### Task brief:
Only the lines of the data holding the string "CIRCLE" need to be returned.

Records from a data source

━━━

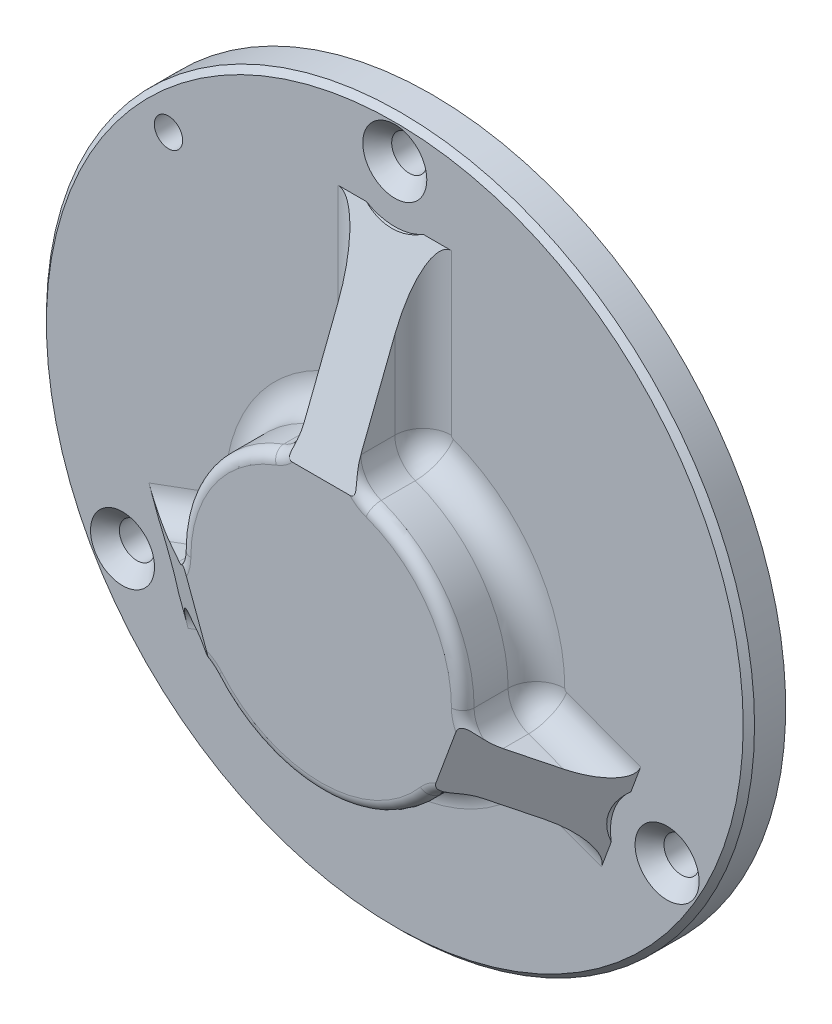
ISO-10303-21;
HEADER;
FILE_DESCRIPTION(('STEP AP214'),'2;1');
FILE_NAME('part.step','',(''),(''),'','','');
FILE_SCHEMA(('AUTOMOTIVE_DESIGN { 1 0 10303 214 1 1 1 1 }'));
ENDSEC;
DATA;
#1=APPLICATION_CONTEXT('core data for automotive mechanical design processes');
#2=APPLICATION_PROTOCOL_DEFINITION('international standard','automotive_design',2000,#1);
#3=PRODUCT_CONTEXT('',#1,'mechanical');
#4=PRODUCT('Part','Part','',(#3));
#5=PRODUCT_RELATED_PRODUCT_CATEGORY('part','',(#4));
#6=PRODUCT_DEFINITION_FORMATION('','',#4);
#7=PRODUCT_DEFINITION_CONTEXT('part definition',#1,'design');
#8=PRODUCT_DEFINITION('design','',#6,#7);
#9=PRODUCT_DEFINITION_SHAPE('','',#8);
#10=(LENGTH_UNIT() NAMED_UNIT(*) SI_UNIT(.MILLI.,.METRE.));
#11=(NAMED_UNIT(*) PLANE_ANGLE_UNIT() SI_UNIT($,.RADIAN.));
#12=(NAMED_UNIT(*) SI_UNIT($,.STERADIAN.) SOLID_ANGLE_UNIT());
#13=UNCERTAINTY_MEASURE_WITH_UNIT(LENGTH_MEASURE(1.E-05),#10,'distance_accuracy_value','');
#14=(GEOMETRIC_REPRESENTATION_CONTEXT(3) GLOBAL_UNCERTAINTY_ASSIGNED_CONTEXT((#13)) GLOBAL_UNIT_ASSIGNED_CONTEXT((#10,
#11,#12)) REPRESENTATION_CONTEXT('',''));
#15=CARTESIAN_POINT('',(0.,0.,0.));
#16=DIRECTION('',(0.,0.,1.));
#17=DIRECTION('',(1.,0.,0.));
#18=AXIS2_PLACEMENT_3D('',#15,#16,#17);
#19=CARTESIAN_POINT('',(0.,-10.,18.));
#20=DIRECTION('',(0.,0.,1.));
#21=DIRECTION('',(1.,0.,0.));
#22=AXIS2_PLACEMENT_3D('',#19,#20,#21);
#23=PLANE('',#22);
#24=CARTESIAN_POINT('',(23.2249301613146,-29.7699928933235,18.));
#25=DIRECTION('',(0.,0.,1.));
#26=DIRECTION('',(1.,0.,0.));
#27=AXIS2_PLACEMENT_3D('',#24,#25,#26);
#28=CIRCLE('',#27,7.5);
#29=CARTESIAN_POINT('',(17.5138817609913,-24.9085192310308,18.));
#30=VERTEX_POINT('',#29);
#31=CARTESIAN_POINT('',(20.2651850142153,-22.87870065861,18.));
#32=VERTEX_POINT('',#31);
#33=EDGE_CURVE('E272',#30,#32,#28,.F.);
#34=ORIENTED_EDGE('',*,*,#33,.T.);
#35=DIRECTION('',(-0.346428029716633,-0.938076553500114,0.));
#36=VECTOR('',#35,1.);
#37=CARTESIAN_POINT('',(31.7559690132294,8.23666566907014,18.));
#38=LINE('',#37,#36);
#39=CARTESIAN_POINT('',(23.7715764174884,-13.3839043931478,18.));
#40=VERTEX_POINT('',#39);
#41=EDGE_CURVE('E58',#40,#32,#38,.T.);
#42=ORIENTED_EDGE('',*,*,#41,.F.);
#43=CARTESIAN_POINT('',(30.4999187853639,-10.0703852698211,18.));
#44=DIRECTION('',(0.,0.,1.));
#45=DIRECTION('',(1.,0.,0.));
#46=AXIS2_PLACEMENT_3D('',#43,#44,#45);
#47=CIRCLE('',#46,7.5);
#48=CARTESIAN_POINT('',(22.999938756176,-10.0530774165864,18.));
#49=VERTEX_POINT('',#48);
#50=EDGE_CURVE('E269',#40,#49,#47,.F.);
#51=ORIENTED_EDGE('',*,*,#50,.T.);
#52=CARTESIAN_POINT('',(0.,-10.,18.));
#53=DIRECTION('',(0.,0.,1.));
#54=DIRECTION('',(1.,0.,0.));
#55=AXIS2_PLACEMENT_3D('',#52,#53,#54);
#56=CIRCLE('',#55,23.);
#57=CARTESIAN_POINT('',(7.91803278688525,11.5940907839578,18.));
#58=VERTEX_POINT('',#57);
#59=EDGE_CURVE('E288',#49,#58,#56,.T.);
#60=ORIENTED_EDGE('',*,*,#59,.T.);
#61=CARTESIAN_POINT('',(10.5,18.6356421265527,18.));
#62=DIRECTION('',(0.,0.,1.));
#63=DIRECTION('',(1.,0.,0.));
#64=AXIS2_PLACEMENT_3D('',#61,#62,#63);
#65=CIRCLE('',#64,7.5);
#66=CARTESIAN_POINT('',(5.06077901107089,13.4718378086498,18.));
#67=VERTEX_POINT('',#66);
#68=EDGE_CURVE('E292',#58,#67,#65,.F.);
#69=ORIENTED_EDGE('',*,*,#68,.T.);
#70=DIRECTION('',(1.,0.,0.));
#71=VECTOR('',#70,1.);
#72=CARTESIAN_POINT('',(-40.8108544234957,13.4718378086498,18.));
#73=LINE('',#72,#71);
#74=CARTESIAN_POINT('',(-5.06077901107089,13.4718378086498,18.));
#75=VERTEX_POINT('',#74);
#76=EDGE_CURVE('E558',#75,#67,#73,.T.);
#77=ORIENTED_EDGE('',*,*,#76,.F.);
#78=CARTESIAN_POINT('',(-10.5,18.6356421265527,18.));
#79=DIRECTION('',(0.,0.,1.));
#80=DIRECTION('',(1.,0.,0.));
#81=AXIS2_PLACEMENT_3D('',#78,#79,#80);
#82=CIRCLE('',#81,7.5);
#83=CARTESIAN_POINT('',(-7.91803278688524,11.5940907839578,18.));
#84=VERTEX_POINT('',#83);
#85=EDGE_CURVE('E483',#75,#84,#82,.F.);
#86=ORIENTED_EDGE('',*,*,#85,.T.);
#87=CARTESIAN_POINT('',(0.,-10.,18.));
#88=DIRECTION('',(0.,0.,1.));
#89=DIRECTION('',(1.,0.,0.));
#90=AXIS2_PLACEMENT_3D('',#87,#88,#89);
#91=CIRCLE('',#90,23.);
#92=CARTESIAN_POINT('',(-22.999938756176,-10.0530774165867,18.));
#93=VERTEX_POINT('',#92);
#94=EDGE_CURVE('E459',#84,#93,#91,.T.);
#95=ORIENTED_EDGE('',*,*,#94,.T.);
#96=CARTESIAN_POINT('',(-30.4999187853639,-10.0703852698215,18.));
#97=DIRECTION('',(0.,0.,1.));
#98=DIRECTION('',(1.,0.,0.));
#99=AXIS2_PLACEMENT_3D('',#96,#97,#98);
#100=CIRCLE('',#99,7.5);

━━━

### Your response:
#28=CIRCLE('',#27,7.5);
#47=CIRCLE('',#46,7.5);
#56=CIRCLE('',#55,23.);
#65=CIRCLE('',#64,7.5);
#82=CIRCLE('',#81,7.5);
#91=CIRCLE('',#90,23.);
#100=CIRCLE('',#99,7.5);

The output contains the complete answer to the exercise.